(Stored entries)
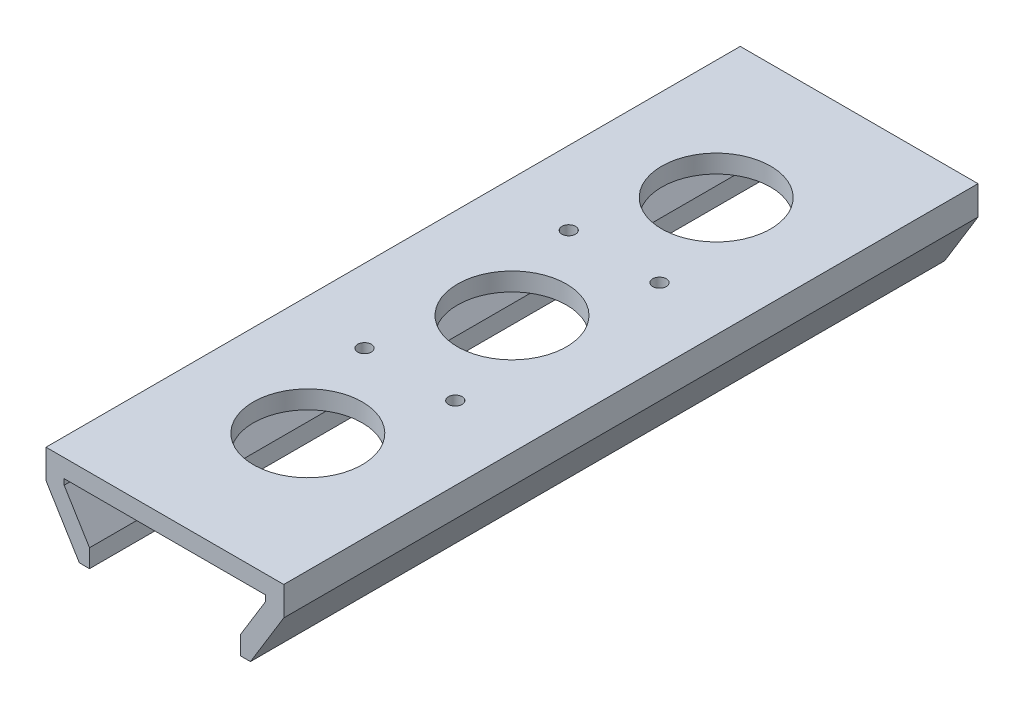
ISO-10303-21;
HEADER;
FILE_DESCRIPTION(('STEP AP214'),'2;1');
FILE_NAME('part.step','',(''),(''),'','','');
FILE_SCHEMA(('AUTOMOTIVE_DESIGN { 1 0 10303 214 1 1 1 1 }'));
ENDSEC;
DATA;
#1=APPLICATION_CONTEXT('core data for automotive mechanical design processes');
#2=APPLICATION_PROTOCOL_DEFINITION('international standard','automotive_design',2000,#1);
#3=PRODUCT_CONTEXT('',#1,'mechanical');
#4=PRODUCT('Part','Part','',(#3));
#5=PRODUCT_RELATED_PRODUCT_CATEGORY('part','',(#4));
#6=PRODUCT_DEFINITION_FORMATION('','',#4);
#7=PRODUCT_DEFINITION_CONTEXT('part definition',#1,'design');
#8=PRODUCT_DEFINITION('design','',#6,#7);
#9=PRODUCT_DEFINITION_SHAPE('','',#8);
#10=(LENGTH_UNIT() NAMED_UNIT(*) SI_UNIT(.MILLI.,.METRE.));
#11=(NAMED_UNIT(*) PLANE_ANGLE_UNIT() SI_UNIT($,.RADIAN.));
#12=(NAMED_UNIT(*) SI_UNIT($,.STERADIAN.) SOLID_ANGLE_UNIT());
#13=UNCERTAINTY_MEASURE_WITH_UNIT(LENGTH_MEASURE(1.E-05),#10,'distance_accuracy_value','');
#14=(GEOMETRIC_REPRESENTATION_CONTEXT(3) GLOBAL_UNCERTAINTY_ASSIGNED_CONTEXT((#13)) GLOBAL_UNIT_ASSIGNED_CONTEXT((#10,
#11,#12)) REPRESENTATION_CONTEXT('',''));
#15=CARTESIAN_POINT('',(0.,0.,0.));
#16=DIRECTION('',(0.,0.,1.));
#17=DIRECTION('',(1.,0.,0.));
#18=AXIS2_PLACEMENT_3D('',#15,#16,#17);
#19=CARTESIAN_POINT('',(0.,-13.28935446553,153.));
#20=DIRECTION('',(0.,-1.,0.));
#21=DIRECTION('',(1.,0.,0.));
#22=AXIS2_PLACEMENT_3D('',#19,#20,#21);
#23=PLANE('',#22);
#24=CARTESIAN_POINT('',(-9.99999999999999,-13.28935446553,54.));
#25=DIRECTION('',(0.,-1.,0.));
#26=DIRECTION('',(1.,0.,0.));
#27=AXIS2_PLACEMENT_3D('',#24,#25,#26);
#28=CIRCLE('',#27,1.5);
#29=CARTESIAN_POINT('',(-8.49999999999999,-13.28935446553,54.));
#30=VERTEX_POINT('',#29);
#31=EDGE_CURVE('E344',#30,#30,#28,.F.);
#32=ORIENTED_EDGE('',*,*,#31,.T.);
#33=EDGE_LOOP('',(#32));
#34=FACE_BOUND('',#33,.T.);
#35=CARTESIAN_POINT('',(10.,-13.28935446553,99.));
#36=DIRECTION('',(0.,-1.,0.));
#37=DIRECTION('',(1.,0.,0.));
#38=AXIS2_PLACEMENT_3D('',#35,#36,#37);
#39=CIRCLE('',#38,1.5);
#40=CARTESIAN_POINT('',(11.5,-13.28935446553,99.));
#41=VERTEX_POINT('',#40);
#42=EDGE_CURVE('E348',#41,#41,#39,.F.);
#43=ORIENTED_EDGE('',*,*,#42,.T.);
#44=EDGE_LOOP('',(#43));
#45=FACE_BOUND('',#44,.T.);
#46=CARTESIAN_POINT('',(0.,-13.28935446553,31.5));
#47=DIRECTION('',(0.,-1.,0.));
#48=DIRECTION('',(1.,0.,0.));
#49=AXIS2_PLACEMENT_3D('',#46,#47,#48);
#50=CIRCLE('',#49,12.);
#51=CARTESIAN_POINT('',(12.,-13.28935446553,31.5));
#52=VERTEX_POINT('',#51);
#53=EDGE_CURVE('E183',#52,#52,#50,.T.);
#54=ORIENTED_EDGE('',*,*,#53,.F.);
#55=EDGE_LOOP('',(#54));
#56=FACE_BOUND('',#55,.T.);
#57=CARTESIAN_POINT('',(0.,-13.28935446553,76.5));
#58=DIRECTION('',(0.,-1.,0.));
#59=DIRECTION('',(1.,0.,0.));
#60=AXIS2_PLACEMENT_3D('',#57,#58,#59);
#61=CIRCLE('',#60,12.);
#62=CARTESIAN_POINT('',(12.,-13.28935446553,76.5));
#63=VERTEX_POINT('',#62);
#64=EDGE_CURVE('E355',#63,#63,#61,.T.);
#65=ORIENTED_EDGE('',*,*,#64,.F.);
#66=EDGE_LOOP('',(#65));
#67=FACE_BOUND('',#66,.T.);
#68=CARTESIAN_POINT('',(0.,-13.28935446553,121.5));
#69=DIRECTION('',(0.,-1.,0.));
#70=DIRECTION('',(1.,0.,0.));
#71=AXIS2_PLACEMENT_3D('',#68,#69,#70);
#72=CIRCLE('',#71,12.);
#73=CARTESIAN_POINT('',(12.,-13.28935446553,121.5));
#74=VERTEX_POINT('',#73);
#75=EDGE_CURVE('E358',#74,#74,#72,.T.);
#76=ORIENTED_EDGE('',*,*,#75,.F.);
#77=EDGE_LOOP('',(#76));
#78=FACE_BOUND('',#77,.T.);
#79=DIRECTION('',(-1.,0.,0.));
#80=VECTOR('',#79,1.);
#81=CARTESIAN_POINT('',(0.,-13.28935446553,0.));
#82=LINE('',#81,#80);
#83=CARTESIAN_POINT('',(22.2,-13.28935446553,0.));
#84=VERTEX_POINT('',#83);
#85=CARTESIAN_POINT('',(-22.2,-13.28935446553,0.));
#86=VERTEX_POINT('',#85);
#87=EDGE_CURVE('E179',#84,#86,#82,.T.);
#88=ORIENTED_EDGE('',*,*,#87,.F.);
#89=DIRECTION('',(0.,0.,-1.));
#90=VECTOR('',#89,1.);
#91=CARTESIAN_POINT('',(22.2,-13.28935446553,153.));
#92=LINE('',#91,#90);
#93=CARTESIAN_POINT('',(22.2,-13.28935446553,153.));
#94=VERTEX_POINT('',#93);
#95=EDGE_CURVE('E11',#94,#84,#92,.T.);
#96=ORIENTED_EDGE('',*,*,#95,.F.);
#97=DIRECTION('',(-1.,0.,0.));
#98=VECTOR('',#97,1.);
#99=CARTESIAN_POINT('',(0.,-13.28935446553,153.));
#100=LINE('',#99,#98);
#101=CARTESIAN_POINT('',(-22.2,-13.28935446553,153.));
#102=VERTEX_POINT('',#101);
#103=EDGE_CURVE('E228',#94,#102,#100,.T.);
#104=ORIENTED_EDGE('',*,*,#103,.T.);
#105=DIRECTION('',(0.,0.,-1.));
#106=VECTOR('',#105,1.);
#107=CARTESIAN_POINT('',(-22.2,-13.28935446553,153.));
#108=LINE('',#107,#106);
#109=EDGE_CURVE('E62',#102,#86,#108,.T.);
#110=ORIENTED_EDGE('',*,*,#109,.T.);
#111=EDGE_LOOP('',(#88,#96,#104,#110));
#112=FACE_BOUND('',#111,.T.);
#113=CARTESIAN_POINT('',(-9.99999999999999,-13.28935446553,99.));
#114=DIRECTION('',(0.,-1.,0.));
#115=DIRECTION('',(1.,0.,0.));
#116=AXIS2_PLACEMENT_3D('',#113,#114,#115);
#117=CIRCLE('',#116,1.5);
#118=CARTESIAN_POINT('',(-8.49999999999999,-13.28935446553,99.));
#119=VERTEX_POINT('',#118);
#120=EDGE_CURVE('E363',#119,#119,#117,.T.);
#121=ORIENTED_EDGE('',*,*,#120,.F.);
#122=EDGE_LOOP('',(#121));
#123=FACE_BOUND('',#122,.T.);
#124=CARTESIAN_POINT('',(10.,-13.28935446553,54.));
#125=DIRECTION('',(0.,-1.,0.));
#126=DIRECTION('',(1.,0.,0.));
#127=AXIS2_PLACEMENT_3D('',#124,#125,#126);
#128=CIRCLE('',#127,1.5);
#129=CARTESIAN_POINT('',(11.5,-13.28935446553,54.));
#130=VERTEX_POINT('',#129);
#131=EDGE_CURVE('E366',#130,#130,#128,.T.);
#132=ORIENTED_EDGE('',*,*,#131,.F.);
#133=EDGE_LOOP('',(#132));
#134=FACE_BOUND('',#133,.T.);
#135=ADVANCED_FACE('F45',(#34,#45,#56,#67,#78,#112,#123,#134),#23,.T.);
#136=CARTESIAN_POINT('',(0.,-9.28935446553003,153.));
#137=DIRECTION('',(0.,1.,0.));
#138=DIRECTION('',(-1.,0.,0.));
#139=AXIS2_PLACEMENT_3D('',#136,#137,#138);
#140=PLANE('',#139);
#141=CARTESIAN_POINT('',(-9.99999999999999,-9.28935446553003,54.));
#142=DIRECTION('',(0.,-1.,0.));
#143=DIRECTION('',(1.,0.,0.));
#144=AXIS2_PLACEMENT_3D('',#141,#142,#143);
#145=CIRCLE('',#144,1.5);
#146=CARTESIAN_POINT('',(-8.49999999999999,-9.28935446553003,54.));
#147=VERTEX_POINT('',#146);
#148=EDGE_CURVE('E638',#147,#147,#145,.T.);
#149=ORIENTED_EDGE('',*,*,#148,.T.);
#150=EDGE_LOOP('',(#149));
#151=FACE_BOUND('',#150,.T.);
#152=CARTESIAN_POINT('',(10.,-9.28935446553003,99.));
#153=DIRECTION('',(0.,-1.,0.));
#154=DIRECTION('',(1.,0.,0.));
#155=AXIS2_PLACEMENT_3D('',#152,#153,#154);
#156=CIRCLE('',#155,1.5);
#157=CARTESIAN_POINT('',(11.5,-9.28935446553003,99.));
#158=VERTEX_POINT('',#157);
#159=EDGE_CURVE('E646',#158,#158,#156,.T.);
#160=ORIENTED_EDGE('',*,*,#159,.T.);
#161=EDGE_LOOP('',(#160));
#162=FACE_BOUND('',#161,.T.);
#163=CARTESIAN_POINT('',(0.,-9.28935446553003,31.5));
#164=DIRECTION('',(0.,1.,0.));
#165=DIRECTION('',(-1.,0.,0.));
#166=AXIS2_PLACEMENT_3D('',#163,#164,#165);
#167=CIRCLE('',#166,12.);
#168=CARTESIAN_POINT('',(-12.,-9.28935446553003,31.5));
#169=VERTEX_POINT('',#168);
#170=EDGE_CURVE('E379',#169,#169,#167,.T.);
#171=ORIENTED_EDGE('',*,*,#170,.F.);
#172=EDGE_LOOP('',(#171));
#173=FACE_BOUND('',#172,.T.);
#174=CARTESIAN_POINT('',(0.,-9.28935446553003,76.5));
#175=DIRECTION('',(0.,1.,0.));
#176=DIRECTION('',(-1.,0.,0.));
#177=AXIS2_PLACEMENT_3D('',#174,#175,#176);
#178=CIRCLE('',#177,12.);
#179=CARTESIAN_POINT('',(-12.,-9.28935446553003,76.5));
#180=VERTEX_POINT('',#179);
#181=EDGE_CURVE('E374',#180,#180,#178,.T.);
#182=ORIENTED_EDGE('',*,*,#181,.F.);
#183=EDGE_LOOP('',(#182));
#184=FACE_BOUND('',#183,.T.);
#185=CARTESIAN_POINT('',(0.,-9.28935446553003,121.5));
#186=DIRECTION('',(0.,1.,0.));
#187=DIRECTION('',(-1.,0.,0.));
#188=AXIS2_PLACEMENT_3D('',#185,#186,#187);
#189=CIRCLE('',#188,12.);
#190=CARTESIAN_POINT('',(-12.,-9.28935446553003,121.5));
#191=VERTEX_POINT('',#190);
#192=EDGE_CURVE('E369',#191,#191,#189,.T.);
#193=ORIENTED_EDGE('',*,*,#192,.F.);
#194=EDGE_LOOP('',(#193));
#195=FACE_BOUND('',#194,.T.);
#196=DIRECTION('',(1.,0.,0.));
#197=VECTOR('',#196,1.);
#198=CARTESIAN_POINT('',(0.,-9.28935446553003,0.));
#199=LINE('',#198,#197);
#200=CARTESIAN_POINT('',(-26.2,-9.28935446553003,0.));
#201=VERTEX_POINT('',#200);
#202=CARTESIAN_POINT('',(26.2,-9.28935446553003,0.));
#203=VERTEX_POINT('',#202);
#204=EDGE_CURVE('E205',#201,#203,#199,.T.);
#205=ORIENTED_EDGE('',*,*,#204,.F.);
#206=DIRECTION('',(0.,0.,-1.));
#207=VECTOR('',#206,1.);
#208=CARTESIAN_POINT('',(-26.2,-9.28935446553003,153.));
#209=LINE('',#208,#207);
#210=CARTESIAN_POINT('',(-26.2,-9.28935446553003,153.));
#211=VERTEX_POINT('',#210);
#212=EDGE_CURVE('E243',#211,#201,#209,.T.);
#213=ORIENTED_EDGE('',*,*,#212,.F.);
#214=DIRECTION('',(1.,0.,0.));
#215=VECTOR('',#214,1.);
#216=CARTESIAN_POINT('',(0.,-9.28935446553003,153.));
#217=LINE('',#216,#215);
#218=CARTESIAN_POINT('',(26.2,-9.28935446553003,153.));
#219=VERTEX_POINT('',#218);
#220=EDGE_CURVE('E301',#211,#219,#217,.T.);
#221=ORIENTED_EDGE('',*,*,#220,.T.);
#222=DIRECTION('',(0.,0.,-1.));
#223=VECTOR('',#222,1.);
#224=CARTESIAN_POINT('',(26.2,-9.28935446553003,153.));
#225=LINE('',#224,#223);
#226=EDGE_CURVE('E246',#219,#203,#225,.T.);
#227=ORIENTED_EDGE('',*,*,#226,.T.);
#228=EDGE_LOOP('',(#205,#213,#221,#227));
#229=FACE_BOUND('',#228,.T.);
#230=CARTESIAN_POINT('',(-9.99999999999999,-9.28935446553003,99.));
#231=DIRECTION('',(0.,1.,0.));
#232=DIRECTION('',(-1.,0.,0.));
#233=AXIS2_PLACEMENT_3D('',#230,#231,#232);
#234=CIRCLE('',#233,1.5);
#235=CARTESIAN_POINT('',(-11.5,-9.28935446553003,99.));
#236=VERTEX_POINT('',#235);
#237=EDGE_CURVE('E642',#236,#236,#234,.T.);
#238=ORIENTED_EDGE('',*,*,#237,.F.);
#239=EDGE_LOOP('',(#238));
#240=FACE_BOUND('',#239,.T.);
#241=CARTESIAN_POINT('',(10.,-9.28935446553003,54.));
#242=DIRECTION('',(0.,1.,0.));
#243=DIRECTION('',(-1.,0.,0.));
#244=AXIS2_PLACEMENT_3D('',#241,#242,#243);
#245=CIRCLE('',#244,1.5);
#246=CARTESIAN_POINT('',(8.5,-9.28935446553003,54.));
#247=VERTEX_POINT('',#246);
#248=EDGE_CURVE('E635',#247,#247,#245,.T.);
#249=ORIENTED_EDGE('',*,*,#248,.F.);
#250=EDGE_LOOP('',(#249));
#251=FACE_BOUND('',#250,.T.);
#252=ADVANCED_FACE('F333',(#151,#162,#173,#184,#195,#229,#240,#251),#140,.T.);
#253=CARTESIAN_POINT('',(22.2000000000001,-1.83929082197769E-13,153.));
#254=DIRECTION('',(1.,0.,0.));
#255=DIRECTION('',(0.,1.,0.));
#256=AXIS2_PLACEMENT_3D('',#253,#254,#255);
#257=PLANE('',#256);
#258=DIRECTION('',(0.,-1.,0.));
#259=VECTOR('',#258,1.);
#260=CARTESIAN_POINT('',(22.2000000000001,-1.83929082197769E-13,0.));
#261=LINE('',#260,#259);
#262=CARTESIAN_POINT('',(22.2,-14.5456276129797,0.));
#263=VERTEX_POINT('',#262);
#264=EDGE_CURVE('E182',#84,#263,#261,.T.);
#265=ORIENTED_EDGE('',*,*,#264,.T.);
#266=DIRECTION('',(0.,0.,-1.));
#267=VECTOR('',#266,1.);
#268=CARTESIAN_POINT('',(22.2,-14.5456276129797,153.));
#269=LINE('',#268,#267);
#270=CARTESIAN_POINT('',(22.2,-14.5456276129797,153.));
#271=VERTEX_POINT('',#270);
#272=EDGE_CURVE('E54',#271,#263,#269,.T.);
#273=ORIENTED_EDGE('',*,*,#272,.F.);
#274=DIRECTION('',(0.,-1.,0.));
#275=VECTOR('',#274,1.);
#276=CARTESIAN_POINT('',(22.2000000000001,-1.83929082197769E-13,153.));
#277=LINE('',#276,#275);
#278=EDGE_CURVE('E290',#94,#271,#277,.T.);
#279=ORIENTED_EDGE('',*,*,#278,.F.);
#280=ORIENTED_EDGE('',*,*,#95,.T.);
#281=EDGE_LOOP('',(#265,#273,#279,#280));
#282=FACE_BOUND('',#281,.T.);
#283=ADVANCED_FACE('F338',(#282),#257,.F.);
#284=CARTESIAN_POINT('',(22.6355826233033,-13.8328560475742,153.));
#285=DIRECTION('',(0.853281833651959,-0.521450009453975,0.));
#286=DIRECTION('',(0.521450009453975,0.853281833651959,0.));
#287=AXIS2_PLACEMENT_3D('',#284,#285,#286);
#288=PLANE('',#287);
#289=DIRECTION('',(-0.521450009453975,-0.853281833651959,0.));
#290=VECTOR('',#289,1.);
#291=CARTESIAN_POINT('',(22.6355826233033,-13.8328560475742,0.));
#292=LINE('',#291,#290);
#293=CARTESIAN_POINT('',(16.6121669234414,-23.68935446553,0.));
#294=VERTEX_POINT('',#293);
#295=EDGE_CURVE('E186',#263,#294,#292,.T.);
#296=ORIENTED_EDGE('',*,*,#295,.T.);
#297=DIRECTION('',(0.,0.,-1.));
#298=VECTOR('',#297,1.);
#299=CARTESIAN_POINT('',(16.6121669234414,-23.68935446553,153.));
#300=LINE('',#299,#298);
#301=CARTESIAN_POINT('',(16.6121669234414,-23.68935446553,153.));
#302=VERTEX_POINT('',#301);
#303=EDGE_CURVE('E258',#302,#294,#300,.T.);
#304=ORIENTED_EDGE('',*,*,#303,.F.);
#305=DIRECTION('',(-0.521450009453975,-0.853281833651959,0.));
#306=VECTOR('',#305,1.);
#307=CARTESIAN_POINT('',(22.6355826233033,-13.8328560475742,153.));
#308=LINE('',#307,#306);
#309=EDGE_CURVE('E269',#271,#302,#308,.T.);
#310=ORIENTED_EDGE('',*,*,#309,.F.);
#311=ORIENTED_EDGE('',*,*,#272,.T.);
#312=EDGE_LOOP('',(#296,#304,#310,#311));
#313=FACE_BOUND('',#312,.T.);
#314=ADVANCED_FACE('F267',(#313),#288,.F.);
#315=CARTESIAN_POINT('',(16.6121669234414,0.,153.));
#316=DIRECTION('',(1.,0.,0.));
#317=DIRECTION('',(0.,0.,-1.));
#318=AXIS2_PLACEMENT_3D('',#315,#316,#317);
#319=PLANE('',#318);
#320=DIRECTION('',(0.,-1.,0.));
#321=VECTOR('',#320,1.);
#322=CARTESIAN_POINT('',(16.6121669234414,0.,0.));
#323=LINE('',#322,#321);
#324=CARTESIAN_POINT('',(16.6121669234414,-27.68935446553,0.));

Task objective:
Please return the lines above that run from the line containing "#168=CARTESIAN_POINT('',(-12.,-9.28935446553003,31.5));" to the line containing "#199=LINE('',#198,#197);", inclusive, exactly and with no other lines.

Written answer:
#168=CARTESIAN_POINT('',(-12.,-9.28935446553003,31.5));
#169=VERTEX_POINT('',#168);
#170=EDGE_CURVE('E379',#169,#169,#167,.T.);
#171=ORIENTED_EDGE('',*,*,#170,.F.);
#172=EDGE_LOOP('',(#171));
#173=FACE_BOUND('',#172,.T.);
#174=CARTESIAN_POINT('',(0.,-9.28935446553003,76.5));
#175=DIRECTION('',(0.,1.,0.));
#176=DIRECTION('',(-1.,0.,0.));
#177=AXIS2_PLACEMENT_3D('',#174,#175,#176);
#178=CIRCLE('',#177,12.);
#179=CARTESIAN_POINT('',(-12.,-9.28935446553003,76.5));
#180=VERTEX_POINT('',#179);
#181=EDGE_CURVE('E374',#180,#180,#178,.T.);
#182=ORIENTED_EDGE('',*,*,#181,.F.);
#183=EDGE_LOOP('',(#182));
#184=FACE_BOUND('',#183,.T.);
#185=CARTESIAN_POINT('',(0.,-9.28935446553003,121.5));
#186=DIRECTION('',(0.,1.,0.));
#187=DIRECTION('',(-1.,0.,0.));
#188=AXIS2_PLACEMENT_3D('',#185,#186,#187);
#189=CIRCLE('',#188,12.);
#190=CARTESIAN_POINT('',(-12.,-9.28935446553003,121.5));
#191=VERTEX_POINT('',#190);
#192=EDGE_CURVE('E369',#191,#191,#189,.T.);
#193=ORIENTED_EDGE('',*,*,#192,.F.);
#194=EDGE_LOOP('',(#193));
#195=FACE_BOUND('',#194,.T.);
#196=DIRECTION('',(1.,0.,0.));
#197=VECTOR('',#196,1.);
#198=CARTESIAN_POINT('',(0.,-9.28935446553003,0.));
#199=LINE('',#198,#197);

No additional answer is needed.